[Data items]
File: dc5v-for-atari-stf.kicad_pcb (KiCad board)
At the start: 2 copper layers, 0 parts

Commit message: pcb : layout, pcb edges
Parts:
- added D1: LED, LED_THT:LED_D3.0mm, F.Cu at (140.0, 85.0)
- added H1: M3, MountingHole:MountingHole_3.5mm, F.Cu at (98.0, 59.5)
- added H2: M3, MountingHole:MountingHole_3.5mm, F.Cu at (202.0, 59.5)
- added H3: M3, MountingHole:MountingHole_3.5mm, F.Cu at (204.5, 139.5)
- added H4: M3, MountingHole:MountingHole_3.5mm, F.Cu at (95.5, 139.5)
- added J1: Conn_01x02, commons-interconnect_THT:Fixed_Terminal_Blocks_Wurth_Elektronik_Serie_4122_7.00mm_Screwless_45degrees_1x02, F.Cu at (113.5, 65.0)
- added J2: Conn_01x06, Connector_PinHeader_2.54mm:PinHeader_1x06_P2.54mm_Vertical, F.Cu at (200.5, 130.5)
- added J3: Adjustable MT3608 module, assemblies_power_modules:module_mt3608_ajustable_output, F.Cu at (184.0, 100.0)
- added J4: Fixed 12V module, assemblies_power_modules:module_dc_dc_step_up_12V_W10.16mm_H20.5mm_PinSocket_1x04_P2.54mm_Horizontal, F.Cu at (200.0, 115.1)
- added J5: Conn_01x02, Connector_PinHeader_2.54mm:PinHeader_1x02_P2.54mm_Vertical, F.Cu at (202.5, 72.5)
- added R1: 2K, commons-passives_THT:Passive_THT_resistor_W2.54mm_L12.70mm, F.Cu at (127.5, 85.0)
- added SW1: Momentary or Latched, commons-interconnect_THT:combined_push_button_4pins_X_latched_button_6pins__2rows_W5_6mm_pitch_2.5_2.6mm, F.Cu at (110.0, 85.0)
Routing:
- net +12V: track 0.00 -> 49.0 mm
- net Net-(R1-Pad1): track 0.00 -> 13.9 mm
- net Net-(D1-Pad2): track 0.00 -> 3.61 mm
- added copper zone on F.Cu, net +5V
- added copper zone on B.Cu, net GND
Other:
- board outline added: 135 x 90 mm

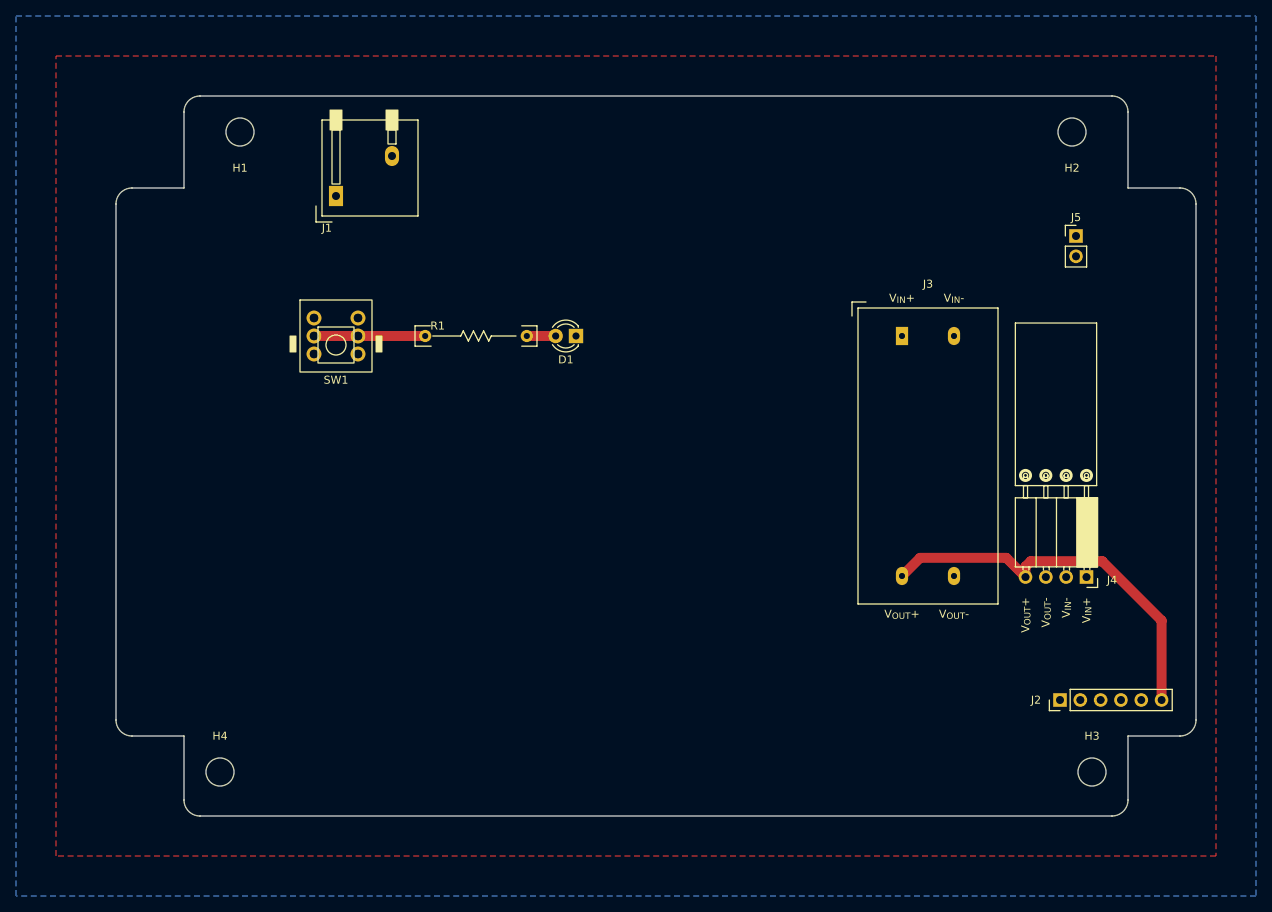
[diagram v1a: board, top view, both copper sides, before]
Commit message: pcb : label to show polarisation/voltages
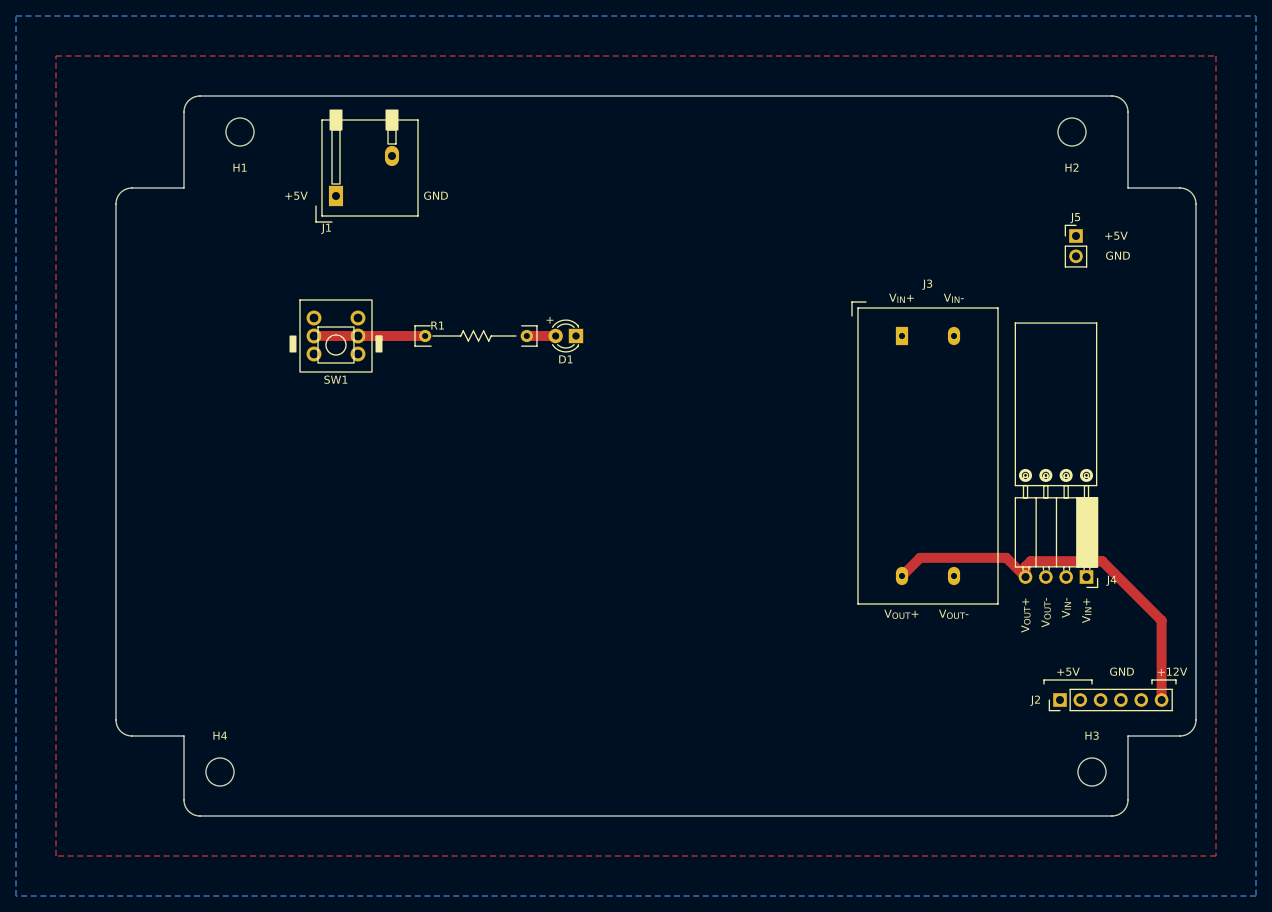
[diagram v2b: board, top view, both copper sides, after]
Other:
- board text added: "+"
- board text added: "+12V"
- board text added: "+5V"
- board text added: "GND"
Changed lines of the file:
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@@
     (pad "" np_thru_hole circle (at 0 0) (size 3.5 3.5) (drill 3.5) (layers *.Cu *.Mask))
   )
+  (gr_line (start 198.5 128) (end 204.5 128) (layer "F.SilkS") (width 0.15))
+  (gr_line (start 204.5 128) (end 204.5 128.5) (layer "F.SilkS") (width 0.15))
+  (gr_line (start 198.5 128.5) (end 198.5 128) (layer "F.SilkS") (width 0.15))
+  (gr_line (start 215 128.5) (end 215 128) (layer "F.SilkS") (width 0.15))
+  (gr_line (start 212 128.5) (end 212 128) (layer "F.SilkS") (width 0.15))
+  (gr_line (start 215 128) (end 212 128) (layer "F.SilkS") (width 0.15))
   (gr_line (start 95 139.5) (end 96 139.5) (layer "Dwgs.User") (width 0.15))
   (gr_line (start 205 139.5) (end 204 139.5) (layer "Dwgs.User") (width 0.15))
@@
   (gr_arc (start 91 57) (mid 91.585786 55.585786) (end 93 55) (layer "Edge.Cuts") (width 0.1))
   (gr_line (start 93 145) (end 207 145) (layer "Edge.Cuts") (width 0.1))
+  (gr_text "GND" (at 208.25 127) (layer "F.SilkS")
+    (effects (font (size 1 1) (thickness 0.15)))
+  )
+  (gr_text "+5V" (at 207.5 72.5) (layer "F.SilkS")
+    (effects (font (size 1 1) (thickness 0.15)))
+  )
+  (gr_text "+5V" (at 201.5 127) (layer "F.SilkS")
+    (effects (font (size 1 1) (thickness 0.15)))
+  )
+  (gr_text "+5V" (at 105 67.5) (layer "F.SilkS")
+    (effects (font (size 1 1) (thickness 0.15)))
+  )
+  (gr_text "GND" (at 122.5 67.5) (layer "F.SilkS")
+    (effects (font (size 1 1) (thickness 0.15)))
+  )
+  (gr_text "+12V" (at 214.5 127) (layer "F.SilkS")
+    (effects (font (size 1 1) (thickness 0.15)))
+  )
+  (gr_text "+" (at 136.75 83) (layer "F.SilkS")
+    (effects (font (size 1 1) (thickness 0.15)))
+  )
+  (gr_text "GND" (at 207.75 75) (layer "F.SilkS")
+    (effects (font (size 1 1) (thickness 0.15)))
+  )
   (segment (start 133.85 85) (end 137.46 85) (width 1.25) (layer "F.Cu") (net 2))
   (segment (start 205.784511 113.155489) (end 196.844511 113.155489) (width 1.25) (layer "F.Cu") (net 4))

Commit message: pcb : rework using updates
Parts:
- added F1: Fuse, commons-passives_THT:FuseHolder_Cylinder_5x20mm_Wurth_Elektronik_696310001002, F.Cu at (116.4, 85.0)
- J1: value Conn_01x02 -> Conn_01x03; footprint commons-interconnect_THT:Fixed_Terminal_Blocks_Wurth_Elektronik_Serie_4122_7.00mm_Screwless_45degrees_1x02 -> commons-interconnect_THT:Fixed_Terminal_Blocks_Wurth_Elektronik_Serie_4122_7.00mm_Screwless_45degrees_1x03
- moved D1 15.0 mm to (140.0, 100.0)
- moved R1 15.0 mm to (127.5, 100.0)
- moved SW1 15.0 mm to (110.0, 100.0)
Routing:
- net Net-(F1-Pad2): track 0.00 -> 19.2 mm
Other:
- board text added: "+5V NO FUSE"
- board text added: "+5V THROUGH FUSE"

# Assignment:
Set all of the records down once more, letter for letter, with the images removed.

# Answer box:
File: dc5v-for-atari-stf.kicad_pcb (KiCad board)
At the start: 2 copper layers, 0 parts

Commit message: pcb : layout, pcb edges
Parts:
- added D1: LED, LED_THT:LED_D3.0mm, F.Cu at (140.0, 85.0)
- added H1: M3, MountingHole:MountingHole_3.5mm, F.Cu at (98.0, 59.5)
- added H2: M3, MountingHole:MountingHole_3.5mm, F.Cu at (202.0, 59.5)
- added H3: M3, MountingHole:MountingHole_3.5mm, F.Cu at (204.5, 139.5)
- added H4: M3, MountingHole:MountingHole_3.5mm, F.Cu at (95.5, 139.5)
- added J1: Conn_01x02, commons-interconnect_THT:Fixed_Terminal_Blocks_Wurth_Elektronik_Serie_4122_7.00mm_Screwless_45degrees_1x02, F.Cu at (113.5, 65.0)
- added J2: Conn_01x06, Connector_PinHeader_2.54mm:PinHeader_1x06_P2.54mm_Vertical, F.Cu at (200.5, 130.5)
- added J3: Adjustable MT3608 module, assemblies_power_modules:module_mt3608_ajustable_output, F.Cu at (184.0, 100.0)
- added J4: Fixed 12V module, assemblies_power_modules:module_dc_dc_step_up_12V_W10.16mm_H20.5mm_PinSocket_1x04_P2.54mm_Horizontal, F.Cu at (200.0, 115.1)
- added J5: Conn_01x02, Connector_PinHeader_2.54mm:PinHeader_1x02_P2.54mm_Vertical, F.Cu at (202.5, 72.5)
- added R1: 2K, commons-passives_THT:Passive_THT_resistor_W2.54mm_L12.70mm, F.Cu at (127.5, 85.0)
- added SW1: Momentary or Latched, commons-interconnect_THT:combined_push_button_4pins_X_latched_button_6pins__2rows_W5_6mm_pitch_2.5_2.6mm, F.Cu at (110.0, 85.0)
Routing:
- net +12V: track 0.00 -> 49.0 mm
- net Net-(R1-Pad1): track 0.00 -> 13.9 mm
- net Net-(D1-Pad2): track 0.00 -> 3.61 mm
- added copper zone on F.Cu, net +5V
- added copper zone on B.Cu, net GND
Other:
- board outline added: 135 x 90 mm

[diagram v1a: board, top view, both copper sides, before]
Commit message: pcb : label to show polarisation/voltages
[diagram v2b: board, top view, both copper sides, after]
Other:
- board text added: "+"
- board text added: "+12V"
- board text added: "+5V"
- board text added: "GND"
Changed lines of the file:
@@
     (pad "" np_thru_hole circle (at 0 0) (size 3.5 3.5) (drill 3.5) (layers *.Cu *.Mask))
   )
+  (gr_line (start 198.5 128) (end 204.5 128) (layer "F.SilkS") (width 0.15))
+  (gr_line (start 204.5 128) (end 204.5 128.5) (layer "F.SilkS") (width 0.15))
+  (gr_line (start 198.5 128.5) (end 198.5 128) (layer "F.SilkS") (width 0.15))
+  (gr_line (start 215 128.5) (end 215 128) (layer "F.SilkS") (width 0.15))
+  (gr_line (start 212 128.5) (end 212 128) (layer "F.SilkS") (width 0.15))
+  (gr_line (start 215 128) (end 212 128) (layer "F.SilkS") (width 0.15))
   (gr_line (start 95 139.5) (end 96 139.5) (layer "Dwgs.User") (width 0.15))
   (gr_line (start 205 139.5) (end 204 139.5) (layer "Dwgs.User") (width 0.15))
@@
   (gr_arc (start 91 57) (mid 91.585786 55.585786) (end 93 55) (layer "Edge.Cuts") (width 0.1))
   (gr_line (start 93 145) (end 207 145) (layer "Edge.Cuts") (width 0.1))
+  (gr_text "GND" (at 208.25 127) (layer "F.SilkS")
+    (effects (font (size 1 1) (thickness 0.15)))
+  )
+  (gr_text "+5V" (at 207.5 72.5) (layer "F.SilkS")
+    (effects (font (size 1 1) (thickness 0.15)))
+  )
+  (gr_text "+5V" (at 201.5 127) (layer "F.SilkS")
+    (effects (font (size 1 1) (thickness 0.15)))
+  )
+  (gr_text "+5V" (at 105 67.5) (layer "F.SilkS")
+    (effects (font (size 1 1) (thickness 0.15)))
+  )
+  (gr_text "GND" (at 122.5 67.5) (layer "F.SilkS")
+    (effects (font (size 1 1) (thickness 0.15)))
+  )
+  (gr_text "+12V" (at 214.5 127) (layer "F.SilkS")
+    (effects (font (size 1 1) (thickness 0.15)))
+  )
+  (gr_text "+" (at 136.75 83) (layer "F.SilkS")
+    (effects (font (size 1 1) (thickness 0.15)))
+  )
+  (gr_text "GND" (at 207.75 75) (layer "F.SilkS")
+    (effects (font (size 1 1) (thickness 0.15)))
+  )
   (segment (start 133.85 85) (end 137.46 85) (width 1.25) (layer "F.Cu") (net 2))
   (segment (start 205.784511 113.155489) (end 196.844511 113.155489) (width 1.25) (layer "F.Cu") (net 4))

Commit message: pcb : rework using updates
Parts:
- added F1: Fuse, commons-passives_THT:FuseHolder_Cylinder_5x20mm_Wurth_Elektronik_696310001002, F.Cu at (116.4, 85.0)
- J1: value Conn_01x02 -> Conn_01x03; footprint commons-interconnect_THT:Fixed_Terminal_Blocks_Wurth_Elektronik_Serie_4122_7.00mm_Screwless_45degrees_1x02 -> commons-interconnect_THT:Fixed_Terminal_Blocks_Wurth_Elektronik_Serie_4122_7.00mm_Screwless_45degrees_1x03
- moved D1 15.0 mm to (140.0, 100.0)
- moved R1 15.0 mm to (127.5, 100.0)
- moved SW1 15.0 mm to (110.0, 100.0)
Routing:
- net Net-(F1-Pad2): track 0.00 -> 19.2 mm
Other:
- board text added: "+5V NO FUSE"
- board text added: "+5V THROUGH FUSE"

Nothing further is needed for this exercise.